The age of "data innovation": Big Data has great wisdom

Source: Internet
Author: User
Keywords Large data unstructured data innovation huge through
In addition to the "Internet of Things" and "cloud computing", the IT industry has emerged a term-big data. Today, the big data has even aroused great concern in business and financial circles, and it is believed that large data will provide effective help for data application and decision support, and become the soul and inevitable development trend of Internet and cloud computing. Large data are not yet uniformly defined, and are often considered to be unstructured data with large amounts of data and diverse forms of data.








Here we first understand a few concepts, structured data, semi-structured data, and unstructured data. Structured data can be found in relational databases, it has dominated it applications for years; semi-structured data, including e-mail, word processing files, and a large number of news releases on the web, are based on content, which is why Google and Baidu exist, and unstructured data is widely found in social networks, IoT, Electronic commerce. With new technologies such as social networks, mobile computing and sensors emerging, more than 85% of the data is reported to be unstructured data.








Many people believe that these vast heterogeneous data contain huge wealth--companies that can tap into these unstructured data and integrate with the business, the basis for decision-making will be more comprehensive and accurate; in science, sports, advertising and other areas of public health, There is also a trend towards data-driven discovery and decision making.




The driving factors for
's big data are mainly from large IT companies, such as Google, Amazon, China Mobile, Alibaba, etc., who need to store and analyze data in a more optimized way. In addition, there are large data requirements in industries such as health care, geo-spatial remote sensing and digital media. According to market research companies, the total number of digital information expected to increase by 44 times times from 2009 to 2020 in the next 10 years, global data usage will reach about 35.2ZB (1ZB=10 billion TB).





Large data presents the characteristics of "4v+1c": (1) produced, a wide range of large data, in the coding method, data format, application features and many other aspects of the differences, multiple sources of information to form a large number of heterogeneous data, (2) Volume, through a variety of equipment generated by the massive data, Its data scale is extremely large, far greater than the current information flow on the Internet, PB level will be the normal; (3) Velocity, involving the perception, transmission, decision-making, control open loop of large data, real-time processing of data has a very high demand, through the traditional database query method to get the "current results" is likely to have no value at all; (4) Vitality, the data continues to arrive, and only in a specific time and space to be meaningful, (5) complexity, data from the database processing of persistent storage is no longer applicable to large data processing, New methods are needed to meet the requirements of unified access and real-time data processing for heterogeneous data.
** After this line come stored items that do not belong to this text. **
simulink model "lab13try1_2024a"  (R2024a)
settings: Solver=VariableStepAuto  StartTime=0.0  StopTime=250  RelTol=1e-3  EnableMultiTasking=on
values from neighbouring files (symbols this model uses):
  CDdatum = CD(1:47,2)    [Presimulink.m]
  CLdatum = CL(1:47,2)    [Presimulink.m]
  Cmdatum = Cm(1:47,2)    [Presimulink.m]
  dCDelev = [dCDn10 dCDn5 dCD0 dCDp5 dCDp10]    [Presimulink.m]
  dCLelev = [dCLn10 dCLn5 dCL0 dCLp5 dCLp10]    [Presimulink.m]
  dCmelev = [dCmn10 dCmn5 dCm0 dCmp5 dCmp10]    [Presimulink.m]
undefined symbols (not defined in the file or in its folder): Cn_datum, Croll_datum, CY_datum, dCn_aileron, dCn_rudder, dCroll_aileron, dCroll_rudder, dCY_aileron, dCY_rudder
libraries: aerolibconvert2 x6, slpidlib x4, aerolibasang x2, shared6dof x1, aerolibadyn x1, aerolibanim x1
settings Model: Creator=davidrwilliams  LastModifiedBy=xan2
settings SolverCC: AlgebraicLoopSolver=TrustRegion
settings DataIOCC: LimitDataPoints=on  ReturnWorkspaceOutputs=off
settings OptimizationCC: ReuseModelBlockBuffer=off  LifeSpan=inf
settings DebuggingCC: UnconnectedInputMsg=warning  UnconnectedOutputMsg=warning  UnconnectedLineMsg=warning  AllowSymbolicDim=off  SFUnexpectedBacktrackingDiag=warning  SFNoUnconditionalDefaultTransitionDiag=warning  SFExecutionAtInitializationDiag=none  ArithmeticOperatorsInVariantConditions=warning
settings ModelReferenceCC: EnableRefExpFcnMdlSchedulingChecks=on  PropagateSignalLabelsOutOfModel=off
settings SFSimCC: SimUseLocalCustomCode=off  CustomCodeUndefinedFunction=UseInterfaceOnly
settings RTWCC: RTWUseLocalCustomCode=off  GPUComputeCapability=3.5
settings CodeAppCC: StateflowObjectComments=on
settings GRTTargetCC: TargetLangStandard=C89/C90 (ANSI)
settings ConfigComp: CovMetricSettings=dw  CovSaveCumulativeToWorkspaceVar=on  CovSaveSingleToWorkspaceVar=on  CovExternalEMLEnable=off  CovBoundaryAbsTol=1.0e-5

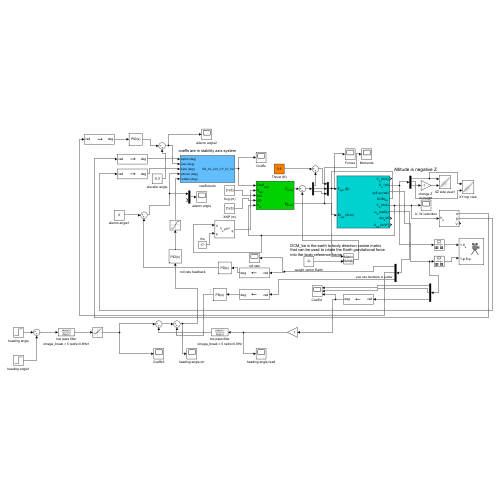
[thumbnail: Simulink's stored preview of the top-level diagram]
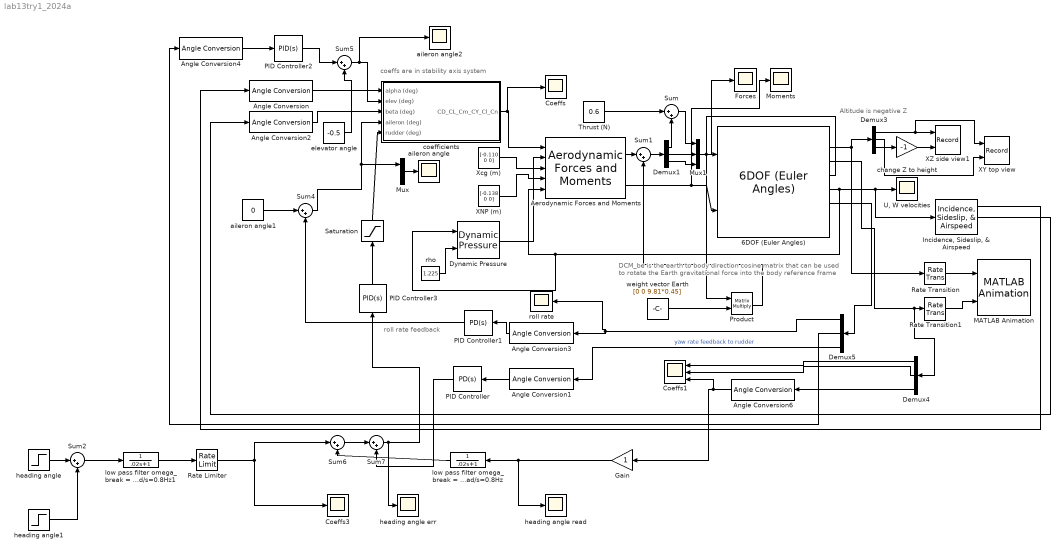
== system lab13try1_2024a ==
  note: roll rate feedback
  note: DCM_be is the earth to body direction cosine matrix
      | that can be used to rotate the Earth gravitational force
      | into the body reference frame
  note: Altitude is negative Z
  note: coeffs are in stability axis system
  6DOF (Euler Angles) : shared6dof/6DOF (Euler Angles)  units=Metric (MKS)  mtype=Fixed  rep=Euler Angles  xme_0=[0 0 -200]  Vm_0=[15 0 2.5]  eul_0=[0 1.4*pi/180 0]  pm_0=[0 0 0]  mass_0=0.45  mass_e=0.5  mass_f=2.0  inertia=[0.00083 0. -0.00118; 0. 0.0428 0.0; -0.00118 0.0 0.0433]  inertia_e=eye(3)  inertia_f=2*eye(3)  k_quat=1.0  vre_flag=on  abi_flag=off  aMode=aMode  xme_statename=''  Vm_statename=''  eul_statename=''  quat_statename=''  pm_statename=''  mass_statename=''
  "Aerodynamic Forces and Moments " : aerolibadyn/Aerodynamic Forces and Moments   inputAxes=Stability  outputForceAxes=Body  outputMomentAxes=Body  S=0.15  b=1  cbar=0.156
  Angle Conversion{,1..4,6} (6 alike) : aerolibconvert2/Angle Conversion  IU=rad  OU=deg
  Coeffs : Scope
  Coeffs1 : Scope  NumInputPorts=3
  Coeffs3 : Scope
  Demux{1,3..5} (4 alike) : Demux  Outputs=3
  Dynamic Pressure : aerolibasang/Dynamic Pressure
  Forces : Scope
  Gain : Gain
  "Incidence, Sideslip, & Airspeed" : aerolibasang/Incidence, Sideslip, & Airspeed
  MATLAB Animation : aerolibanim/MATLAB Animation  Tag=Matlab Animation 6 DOF  Vehicles=1  Geometries='astredwedge.mat'  BoundingBoxCoordinates=[-50,50,-50,50,-50,50]  CameraOffset=[-150,-50,0]  CameraViewAngle=3  SampleTime=0.2  FigurePosition=[8.014000e+02,2.082000e+02,4.480000e+02,3.540000e+02]
  Moments : Scope
  Mux : Mux  Inputs=2
  Mux1 : Mux  Inputs=3
  PID Controller : slpidlib/PID Controller  Controller=PD  Form=Parallel  TimeDomain=Continuous-time  UseExternalTs=off  SampleTime=-1  IntegratorMethod=Forward Euler  FilterMethod=Forward Euler  ControllerParametersSource=internal  P=0.005  I=1  UseKiTs=off  D=0  UseExternalDerivativeSource=off  N=100  UseFilter=on  TunerSelectOption=Transfer Function Based (PID Tuner App)  InitialConditionSource=internal  InitialConditionForIntegrator=0  InitialConditionForFilter=0  DifferentiatorICPrevScaledInput=0  ExternalReset=none  TrackingMode=off  Kt=1  LimitOutput=off  SatLimitsSource=internal  UpperSaturationLimit=inf  LowerSaturationLimit=-inf  LinearizeAsGain=on  AntiWindupMode=none  Kb=1  LimitIntegrator=off  UpperIntegratorSaturationLimit=inf  LowerIntegratorSaturationLimit=-inf  POutMin=[]  POutMax=[]  IOutMin=[]  IOutMax=[]  DOutMin=[]  DOutMax=[]  NOutMin=[]  NOutMax=[]  SumOutMin=[]  SumOutMax=[]  SaturationOutMin=[]  SaturationOutMax=[]  PParamMin=[]  PParamMax=[]  IParamMin=[]  IParamMax=[]  DParamMin=[]  DParamMax=[]  NParamMin=[]  NParamMax=[]  KbParamMin=[]  KbParamMax=[]  KtParamMin=[]  KtParamMax=[]  KbOutMin=[]  KbOutMax=[]  KtOutMin=[]  KtOutMax=[]  IntegratorOutMin=[]  IntegratorOutMax=[]  FilterOutMin=[]  FilterOutMax=[]  SumI1OutMin=[]  SumI1OutMax=[]  SumI2OutMin=[]  SumI2OutMax=[]  SumI3OutMin=[]  SumI3OutMax=[]  SumI4OutMin=[]  SumI4OutMax=[]  SumDOutMin=[]  SumDOutMax=[]  DifferentiatorOutMin=[]  DifferentiatorOutMax=[]  FilterDiffOutCoefMin=[]  FilterDiffOutCoefMax=[]  ReciprocalOutMin=[]  ReciprocalOutMax=[]  SumDenOutMin=[]  SumDenOutMax=[]  SumNumOutMin=[]  SumNumOutMax=[]  DivideOutMin=[]  DivideOutMax=[]  UdiffTsProdOutMin=[]  UdiffTsProdOutMax=[]  NTsProdOutMin=[]  NTsProdOutMax=[]  UintegralTsProdOutMin=[]  UintegralTsProdOutMax=[]  UngainTsProdOutMin=[]  UngainTsProdOutMax=[]  ClampingZeroOutDataTypeStr=Inherit: Inherit via back propagation  ClampingZeroOutMin=[]  ClampingZeroOutMax=[]  FilterDenConstantOutDataTypeStr=Inherit: Inherit via back propagation  FilterDenConstantOutMin=[]  FilterDenConstantOutMax=[]  PCopyOutDataTypeStr=Inherit: Inherit via back propagation  PCopyOutMin=[]  PCopyOutMax=[]  NCopyOutDataTypeStr=Inherit: Inherit via back propagation  NCopyOutMin=[]  NCopyOutMax=[]  IntegratorContinuousStateAttributes=''  IntegratorStateMustResolveToSignalObject=off  IntegratorRTWStateStorageClass=Auto  FilterContinuousStateAttributes=''  FilterStateMustResolveToSignalObject=off  FilterRTWStateStorageClass=Auto  ParallelPVariant=InternalParameters  IdealPVariant=Disabled  IVariant=Disabled  DVariant=InternalParameters  IntegratorVariant=Disabled  SatVariant=Disabled  AWVariant=Disabled  PCopyVariant=Disabled  TRVariant=Disabled  FdbkBlocksVariant=Forward  IdealPFdbkVariant=Disabled  SatFdbkVariant=Disabled  DerivativeFilterVariant=ContFilter  NVariant=InternalParameters  NCopyVariant=Disabled  FilterICVariant=InternalICsFilter  IntegratorICVariant=Disabled  ExternalResetVariant=Disabled  TRSumVariant=Passthrough  SumFdbkVariant=Disabled  SumVariant=Sum_PD  TsampFilterVariant=InternalTs  TsampNgainVariant=Passthrough  TsampIntegralVariant=Disabled_SignalSpec  ExternalSaturationOutDataTypeStr=Inherit: Same as second input  DerivativeSourceVariant=ErrorSignal
  PID Controller1 : slpidlib/PID Controller  Controller=PD  Form=Parallel  TimeDomain=Continuous-time  UseExternalTs=off  SampleTime=-1  IntegratorMethod=Forward Euler  FilterMethod=Forward Euler  ControllerParametersSource=internal  P=-0.5  I=1  UseKiTs=off  D=0  UseExternalDerivativeSource=off  N=100  UseFilter=on  TunerSelectOption=Transfer Function Based (PID Tuner App)  InitialConditionSource=internal  InitialConditionForIntegrator=0  InitialConditionForFilter=0  DifferentiatorICPrevScaledInput=0  ExternalReset=none  TrackingMode=off  Kt=1  LimitOutput=off  SatLimitsSource=internal  UpperSaturationLimit=inf  LowerSaturationLimit=-inf  LinearizeAsGain=on  AntiWindupMode=none  Kb=1  LimitIntegrator=off  UpperIntegratorSaturationLimit=inf  LowerIntegratorSaturationLimit=-inf  POutMin=[]  POutMax=[]  IOutMin=[]  IOutMax=[]  DOutMin=[]  DOutMax=[]  NOutMin=[]  NOutMax=[]  SumOutMin=[]  SumOutMax=[]  SaturationOutMin=[]  SaturationOutMax=[]  PParamMin=[]  PParamMax=[]  IParamMin=[]  IParamMax=[]  DParamMin=[]  DParamMax=[]  NParamMin=[]  NParamMax=[]  KbParamMin=[]  KbParamMax=[]  KtParamMin=[]  KtParamMax=[]  KbOutMin=[]  KbOutMax=[]  KtOutMin=[]  KtOutMax=[]  IntegratorOutMin=[]  IntegratorOutMax=[]  FilterOutMin=[]  FilterOutMax=[]  SumI1OutMin=[]  SumI1OutMax=[]  SumI2OutMin=[]  SumI2OutMax=[]  SumI3OutMin=[]  SumI3OutMax=[]  SumI4OutMin=[]  SumI4OutMax=[]  SumDOutMin=[]  SumDOutMax=[]  DifferentiatorOutMin=[]  DifferentiatorOutMax=[]  FilterDiffOutCoefMin=[]  FilterDiffOutCoefMax=[]  ReciprocalOutMin=[]  ReciprocalOutMax=[]  SumDenOutMin=[]  SumDenOutMax=[]  SumNumOutMin=[]  SumNumOutMax=[]  DivideOutMin=[]  DivideOutMax=[]  UdiffTsProdOutMin=[]  UdiffTsProdOutMax=[]  NTsProdOutMin=[]  NTsProdOutMax=[]  UintegralTsProdOutMin=[]  UintegralTsProdOutMax=[]  UngainTsProdOutMin=[]  UngainTsProdOutMax=[]  ClampingZeroOutDataTypeStr=Inherit: Inherit via back propagation  ClampingZeroOutMin=[]  ClampingZeroOutMax=[]  FilterDenConstantOutDataTypeStr=Inherit: Inherit via back propagation  FilterDenConstantOutMin=[]  FilterDenConstantOutMax=[]  PCopyOutDataTypeStr=Inherit: Inherit via back propagation  PCopyOutMin=[]  PCopyOutMax=[]  NCopyOutDataTypeStr=Inherit: Inherit via back propagation  NCopyOutMin=[]  NCopyOutMax=[]  IntegratorContinuousStateAttributes=''  IntegratorStateMustResolveToSignalObject=off  IntegratorRTWStateStorageClass=Auto  FilterContinuousStateAttributes=''  FilterStateMustResolveToSignalObject=off  FilterRTWStateStorageClass=Auto  ParallelPVariant=InternalParameters  IdealPVariant=Disabled  IVariant=Disabled  DVariant=InternalParameters  IntegratorVariant=Disabled  SatVariant=Disabled  AWVariant=Disabled  PCopyVariant=Disabled  TRVariant=Disabled  FdbkBlocksVariant=Forward  IdealPFdbkVariant=Disabled  SatFdbkVariant=Disabled  DerivativeFilterVariant=ContFilter  NVariant=InternalParameters  NCopyVariant=Disabled  FilterICVariant=InternalICsFilter  IntegratorICVariant=Disabled  ExternalResetVariant=Disabled  TRSumVariant=Passthrough  SumFdbkVariant=Disabled  SumVariant=Sum_PD  TsampFilterVariant=InternalTs  TsampNgainVariant=Passthrough  TsampIntegralVariant=Disabled_SignalSpec  ExternalSaturationOutDataTypeStr=Inherit: Same as second input  DerivativeSourceVariant=ErrorSignal
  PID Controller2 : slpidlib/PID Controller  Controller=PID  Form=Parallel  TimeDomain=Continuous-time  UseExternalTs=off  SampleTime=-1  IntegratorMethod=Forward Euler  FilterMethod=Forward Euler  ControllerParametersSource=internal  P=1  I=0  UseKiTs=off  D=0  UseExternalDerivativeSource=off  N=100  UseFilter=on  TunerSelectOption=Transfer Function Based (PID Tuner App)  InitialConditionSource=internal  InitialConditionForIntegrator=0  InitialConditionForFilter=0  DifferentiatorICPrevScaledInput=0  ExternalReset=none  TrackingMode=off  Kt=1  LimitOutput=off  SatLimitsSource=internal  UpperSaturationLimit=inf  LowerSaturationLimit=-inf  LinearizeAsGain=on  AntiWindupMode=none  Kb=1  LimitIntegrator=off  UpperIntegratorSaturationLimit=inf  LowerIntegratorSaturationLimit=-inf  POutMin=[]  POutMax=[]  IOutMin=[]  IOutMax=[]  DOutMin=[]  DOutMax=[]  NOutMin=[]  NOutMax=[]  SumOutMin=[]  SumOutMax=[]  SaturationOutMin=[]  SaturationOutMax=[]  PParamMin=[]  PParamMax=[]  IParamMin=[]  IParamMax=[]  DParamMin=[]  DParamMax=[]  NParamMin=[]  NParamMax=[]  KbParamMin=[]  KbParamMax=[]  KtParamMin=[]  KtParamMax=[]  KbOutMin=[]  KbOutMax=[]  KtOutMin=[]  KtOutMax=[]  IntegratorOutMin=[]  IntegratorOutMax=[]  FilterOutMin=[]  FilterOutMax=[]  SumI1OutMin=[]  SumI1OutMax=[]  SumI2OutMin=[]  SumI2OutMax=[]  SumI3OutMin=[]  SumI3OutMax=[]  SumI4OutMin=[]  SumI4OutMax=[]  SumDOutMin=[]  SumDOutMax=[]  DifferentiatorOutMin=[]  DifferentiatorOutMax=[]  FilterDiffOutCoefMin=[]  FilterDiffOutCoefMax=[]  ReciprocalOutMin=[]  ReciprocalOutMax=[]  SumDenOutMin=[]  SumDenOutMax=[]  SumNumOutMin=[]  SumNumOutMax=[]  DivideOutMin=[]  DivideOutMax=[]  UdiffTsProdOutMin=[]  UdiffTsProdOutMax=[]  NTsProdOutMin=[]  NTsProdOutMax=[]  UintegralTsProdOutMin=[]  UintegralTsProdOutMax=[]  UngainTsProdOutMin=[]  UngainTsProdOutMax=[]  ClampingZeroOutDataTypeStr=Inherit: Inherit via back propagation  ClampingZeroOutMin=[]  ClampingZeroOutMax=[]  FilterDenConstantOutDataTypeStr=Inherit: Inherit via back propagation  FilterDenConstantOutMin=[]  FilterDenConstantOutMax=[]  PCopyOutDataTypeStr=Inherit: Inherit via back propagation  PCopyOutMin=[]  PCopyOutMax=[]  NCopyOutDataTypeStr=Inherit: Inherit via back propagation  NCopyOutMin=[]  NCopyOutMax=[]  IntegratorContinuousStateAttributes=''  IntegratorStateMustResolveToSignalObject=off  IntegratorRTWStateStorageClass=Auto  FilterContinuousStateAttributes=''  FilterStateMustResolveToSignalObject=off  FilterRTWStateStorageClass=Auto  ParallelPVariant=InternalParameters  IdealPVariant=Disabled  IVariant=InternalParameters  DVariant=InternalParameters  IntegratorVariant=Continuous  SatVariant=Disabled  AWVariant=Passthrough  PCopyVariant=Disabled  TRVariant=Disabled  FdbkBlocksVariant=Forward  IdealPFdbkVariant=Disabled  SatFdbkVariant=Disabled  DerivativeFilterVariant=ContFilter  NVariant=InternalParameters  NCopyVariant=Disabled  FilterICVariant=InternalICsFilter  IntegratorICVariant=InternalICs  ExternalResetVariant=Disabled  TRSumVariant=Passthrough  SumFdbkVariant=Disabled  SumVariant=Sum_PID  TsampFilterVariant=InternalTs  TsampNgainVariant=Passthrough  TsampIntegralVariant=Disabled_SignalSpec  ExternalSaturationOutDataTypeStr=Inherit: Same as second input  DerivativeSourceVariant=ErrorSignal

Apache Hadoop has become the driving force behind the development of large data industries, and hive and pig technologies are often mentioned. At the same time, computer tools designed to gain knowledge and insight from the vast treasures of unstructured data are also rapidly evolving. The development of these tools relies on advances in artificial intelligence technologies such as natural language processing, pattern recognition and machine learning.








can foresee a large number of tools and platforms to handle large unstructured data in the next year or two. In addition to the batch processing of Hadoop, the method based on stream data processing will also play a role in the application of real-time data analysis. In addition, the large data boom will challenge the understanding and requirements of visualization. Visualization in the data workflow will be interpreted and explored at the same time, data scientists will be visualization as a way to find the problem and explore the new features of the DataSet.








because of the high technical threshold of large data, so at present in the field of competition is mostly in data storage, analysis and other fields have the traditional advantages of manufacturers. Oracle Large Data Machine was officially released in January 2012. IBM's advantage in the Big data field is overall, and the robot "Watson" wins in the man-machine war, and is an example of IBM's bonus points for its large data analysis solution.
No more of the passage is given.